Personal Programming Notes

To err is human; to debug, divine.

Using Virtual Machine for ETL Testing

When developing data-warehouse solutions in Vertica, you want to set up some test environment. Ideally, you should have separate schema for each developer. However, it is usually NOT possible in my experience: developers and test engineers have to share very few schemas in development environment. The explanation that I usually get is that having a schema for each developer will not scale in database maintenance and administration, and there are likely some limits in Vertica’s commercial license. If that is the case, I recommend that we look into using Vertica Community Edition on Virtual Machines (VMs) for sandbox test environment, as a cheap alternative.

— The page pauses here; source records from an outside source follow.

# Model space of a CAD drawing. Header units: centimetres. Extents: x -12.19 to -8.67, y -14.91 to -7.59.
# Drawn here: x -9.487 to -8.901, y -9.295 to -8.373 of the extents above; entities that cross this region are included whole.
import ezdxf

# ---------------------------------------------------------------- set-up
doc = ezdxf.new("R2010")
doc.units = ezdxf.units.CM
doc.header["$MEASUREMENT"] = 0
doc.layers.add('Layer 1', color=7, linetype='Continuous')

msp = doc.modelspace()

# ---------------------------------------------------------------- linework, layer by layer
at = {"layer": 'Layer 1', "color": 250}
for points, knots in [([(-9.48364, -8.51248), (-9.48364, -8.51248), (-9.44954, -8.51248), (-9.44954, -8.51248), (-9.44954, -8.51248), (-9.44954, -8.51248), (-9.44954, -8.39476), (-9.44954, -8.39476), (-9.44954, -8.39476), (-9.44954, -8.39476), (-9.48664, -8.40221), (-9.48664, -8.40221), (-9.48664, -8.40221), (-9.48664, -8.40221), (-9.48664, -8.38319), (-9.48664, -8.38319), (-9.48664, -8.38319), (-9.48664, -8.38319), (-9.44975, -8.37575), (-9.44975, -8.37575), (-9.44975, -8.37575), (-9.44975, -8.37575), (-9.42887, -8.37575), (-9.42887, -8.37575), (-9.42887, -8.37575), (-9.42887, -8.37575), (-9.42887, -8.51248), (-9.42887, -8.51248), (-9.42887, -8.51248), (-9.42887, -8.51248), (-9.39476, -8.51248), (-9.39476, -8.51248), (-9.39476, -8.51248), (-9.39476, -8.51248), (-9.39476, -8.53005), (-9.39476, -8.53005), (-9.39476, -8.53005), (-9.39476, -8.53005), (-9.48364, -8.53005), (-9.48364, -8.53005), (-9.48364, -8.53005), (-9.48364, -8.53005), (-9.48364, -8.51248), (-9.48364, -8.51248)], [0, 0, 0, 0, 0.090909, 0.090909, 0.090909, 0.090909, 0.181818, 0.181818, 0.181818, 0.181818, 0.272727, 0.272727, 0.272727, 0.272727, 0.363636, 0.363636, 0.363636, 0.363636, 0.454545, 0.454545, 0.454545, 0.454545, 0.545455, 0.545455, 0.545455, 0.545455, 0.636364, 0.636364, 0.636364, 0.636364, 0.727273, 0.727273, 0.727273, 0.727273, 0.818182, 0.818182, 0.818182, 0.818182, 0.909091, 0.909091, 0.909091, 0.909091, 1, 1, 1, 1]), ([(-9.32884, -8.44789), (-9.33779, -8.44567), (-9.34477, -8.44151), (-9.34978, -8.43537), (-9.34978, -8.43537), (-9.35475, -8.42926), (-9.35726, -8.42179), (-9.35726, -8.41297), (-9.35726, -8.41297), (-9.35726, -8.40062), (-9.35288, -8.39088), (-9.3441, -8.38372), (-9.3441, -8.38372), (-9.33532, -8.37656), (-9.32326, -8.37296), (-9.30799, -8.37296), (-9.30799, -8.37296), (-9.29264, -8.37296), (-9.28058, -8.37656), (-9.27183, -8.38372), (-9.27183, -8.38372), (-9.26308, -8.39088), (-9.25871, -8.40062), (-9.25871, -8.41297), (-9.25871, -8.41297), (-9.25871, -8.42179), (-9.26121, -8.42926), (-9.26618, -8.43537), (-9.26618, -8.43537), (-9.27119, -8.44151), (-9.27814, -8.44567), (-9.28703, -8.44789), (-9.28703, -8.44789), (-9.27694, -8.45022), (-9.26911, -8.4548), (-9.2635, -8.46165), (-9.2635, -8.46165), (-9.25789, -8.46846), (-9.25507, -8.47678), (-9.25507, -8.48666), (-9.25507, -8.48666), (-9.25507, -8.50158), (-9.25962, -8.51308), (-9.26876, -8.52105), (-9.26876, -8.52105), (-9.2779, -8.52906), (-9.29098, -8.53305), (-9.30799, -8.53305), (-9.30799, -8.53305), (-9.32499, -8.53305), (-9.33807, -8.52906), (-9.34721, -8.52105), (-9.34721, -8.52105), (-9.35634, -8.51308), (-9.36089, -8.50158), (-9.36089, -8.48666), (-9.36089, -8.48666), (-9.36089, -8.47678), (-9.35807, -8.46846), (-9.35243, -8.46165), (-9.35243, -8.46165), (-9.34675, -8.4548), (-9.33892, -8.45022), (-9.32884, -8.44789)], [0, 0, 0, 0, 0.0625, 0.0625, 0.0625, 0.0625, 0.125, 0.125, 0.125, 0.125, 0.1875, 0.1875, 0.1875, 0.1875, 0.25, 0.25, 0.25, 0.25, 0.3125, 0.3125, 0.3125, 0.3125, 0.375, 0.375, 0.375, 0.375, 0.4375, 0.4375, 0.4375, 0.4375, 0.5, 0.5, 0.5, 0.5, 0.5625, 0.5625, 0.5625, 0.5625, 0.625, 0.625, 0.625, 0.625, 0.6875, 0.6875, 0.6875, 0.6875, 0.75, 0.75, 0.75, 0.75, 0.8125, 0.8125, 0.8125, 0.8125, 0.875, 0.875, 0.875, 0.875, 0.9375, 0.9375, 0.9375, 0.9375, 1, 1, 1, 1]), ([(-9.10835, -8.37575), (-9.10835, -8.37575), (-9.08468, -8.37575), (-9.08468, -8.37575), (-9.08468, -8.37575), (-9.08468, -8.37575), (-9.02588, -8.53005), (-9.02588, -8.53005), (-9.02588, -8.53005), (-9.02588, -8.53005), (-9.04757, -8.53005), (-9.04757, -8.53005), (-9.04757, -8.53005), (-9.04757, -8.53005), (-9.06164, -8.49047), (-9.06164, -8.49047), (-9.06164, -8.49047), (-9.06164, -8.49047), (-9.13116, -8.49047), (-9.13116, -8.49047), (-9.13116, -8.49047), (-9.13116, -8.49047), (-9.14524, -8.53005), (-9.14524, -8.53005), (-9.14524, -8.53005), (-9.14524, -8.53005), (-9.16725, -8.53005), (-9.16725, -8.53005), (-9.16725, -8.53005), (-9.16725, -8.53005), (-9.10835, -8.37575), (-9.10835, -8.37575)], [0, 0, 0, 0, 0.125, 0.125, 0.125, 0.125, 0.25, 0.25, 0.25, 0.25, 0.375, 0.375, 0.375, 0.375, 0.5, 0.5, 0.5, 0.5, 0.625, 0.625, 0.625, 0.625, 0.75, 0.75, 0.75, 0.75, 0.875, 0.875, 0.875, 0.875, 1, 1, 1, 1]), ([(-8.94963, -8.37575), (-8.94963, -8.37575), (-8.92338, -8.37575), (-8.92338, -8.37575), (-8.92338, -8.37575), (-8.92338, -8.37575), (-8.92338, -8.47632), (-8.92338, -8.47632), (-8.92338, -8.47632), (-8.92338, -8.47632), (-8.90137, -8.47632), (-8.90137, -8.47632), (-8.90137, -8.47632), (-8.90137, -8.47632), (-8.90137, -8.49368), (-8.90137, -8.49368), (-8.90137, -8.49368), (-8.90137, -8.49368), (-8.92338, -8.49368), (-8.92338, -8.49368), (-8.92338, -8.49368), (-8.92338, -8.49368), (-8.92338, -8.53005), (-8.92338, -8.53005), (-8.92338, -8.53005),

Vertica Virtual Machine as sandbox test environment

Are VMs really necessary in data-warehouse testing? When testing Extract-Transform-Load (ETL) processes, I find that many of test cases require regular set-up and tear-down, adding mock records to force rare logical branches and corner cases, and/or running ETLs multiple times to simulate daily runs of those processes. Regular tear-down requires dropping multiple tables regularly, which requires much greater care and drains much mental energy when working with others' data and tables. Similarly, adding mock records into some commonly shared tables might affect others when they assume the data is production-like. Running ETL scripts regularly, which could be computationally intensive, on a shared Vertica cluster might affect the performance or get affected by others' processes. In short, for these tests, I cannot use the common schema that is shared with others since it might interfere others and/or destroy valuable common data. Using a Vertica VM as the sandbox test environment helps us minimize interference to and from others' data and activities.

Single-node VM and KSAFE clause

I have been using a single-node Vertica VM to run tests for sometime. And it works wonderfully for testing purpose, especially when you want to isolate issues, for example, a corner case. The Vertica VM can be downloaded from HP Vertica’s support website (NOTE: As of 2016 Jan 1st, the Vertica 7.1 VM is taken down while the Vertica 7.2 VM is not available).

The only minor problem is when we add KSAFE 1 in our DDL scripts (i.e., CREATE TABLE statements) for production purposes. This gives error on single-node VM when running DDL scripts to set up schema. The reason is that Vertica database with one or two hosts cannot be k-safe (i.e., it may lose data if it crashes) and three-node cluster is the minimum requirement to have KSAFE 1 in CREATE TABLE statements to work.

Even then, the workaround for running those DDL scripts in tests is easy enough if all DDL scripts are all located in a single folder. The idea is that since KSAFE 1 does not affect ETL processes' transform logics, we can remove those KSAFE clauses to set up the test schema and go ahead with our ETL testing. Specifically, in my project, my workflow for ETL testing with Git is as follows:

  • Branch the latest code (develop branch) into a temporary branch (e.g., local/develop branch).
  • Find and remove KSAFE 1 in all DDL files (see subsection below).
  • While still in local/develop branch, commit all these changes in a single commit with some unique description (e.g., “KSAFE REMOVAL”).
  • Add unit and functional tests to ETL scripts in this branch.
  • After tests are properly developed and checked-in, reverse the “KSAFE REMOVAL” commit above.
    • In SourceTree, it could be done by a simple right-click on that commit and selecting “Reverse Commit”.
  • Merge local/develop branch into develop branch (create a pull request if needed). You will now have your tests with the latest codes in develop branch.

Find and replace a string in multiple files

There are times and times again that you find that you have to replace every single occurrences of some string in multiple files with another string. Finding and removing KSAFE 1 like the above workflow is an example where “removing string” is a special case of “replacing string” with nothing. This operation can be quickly done by the following bash command:

grep -rl match_string your_dir/ | xargs sed -i 's/old_string/new_string/g'

If you are familiar with bash scripting, the above command is straight forward. This quick explanation is for anyone who does not understand the command:

  • grep command finds all files in your_dir directory that contain match_string. -l option makes sure it will return a list of files
  • sed command then execute the replacement regex on all those files. A regex tip: the forward slash / delimiter could be another delimiter (e.g., #). This might be useful if you need to search HTML files.

Example: In my case, all the DDL scripts are in multiple sub-directories under tables directory. To find and remove all KSAFE 1 occurrences, the command is:

grep -rl 'KSAFE 1' tables | xargs sed -i 's/KSAFE 1//g'

This will search for the string KSAFE 1 in all files in the tables directory and replace KSAFE 1 with nothing '' for each occurrence of the string in each file.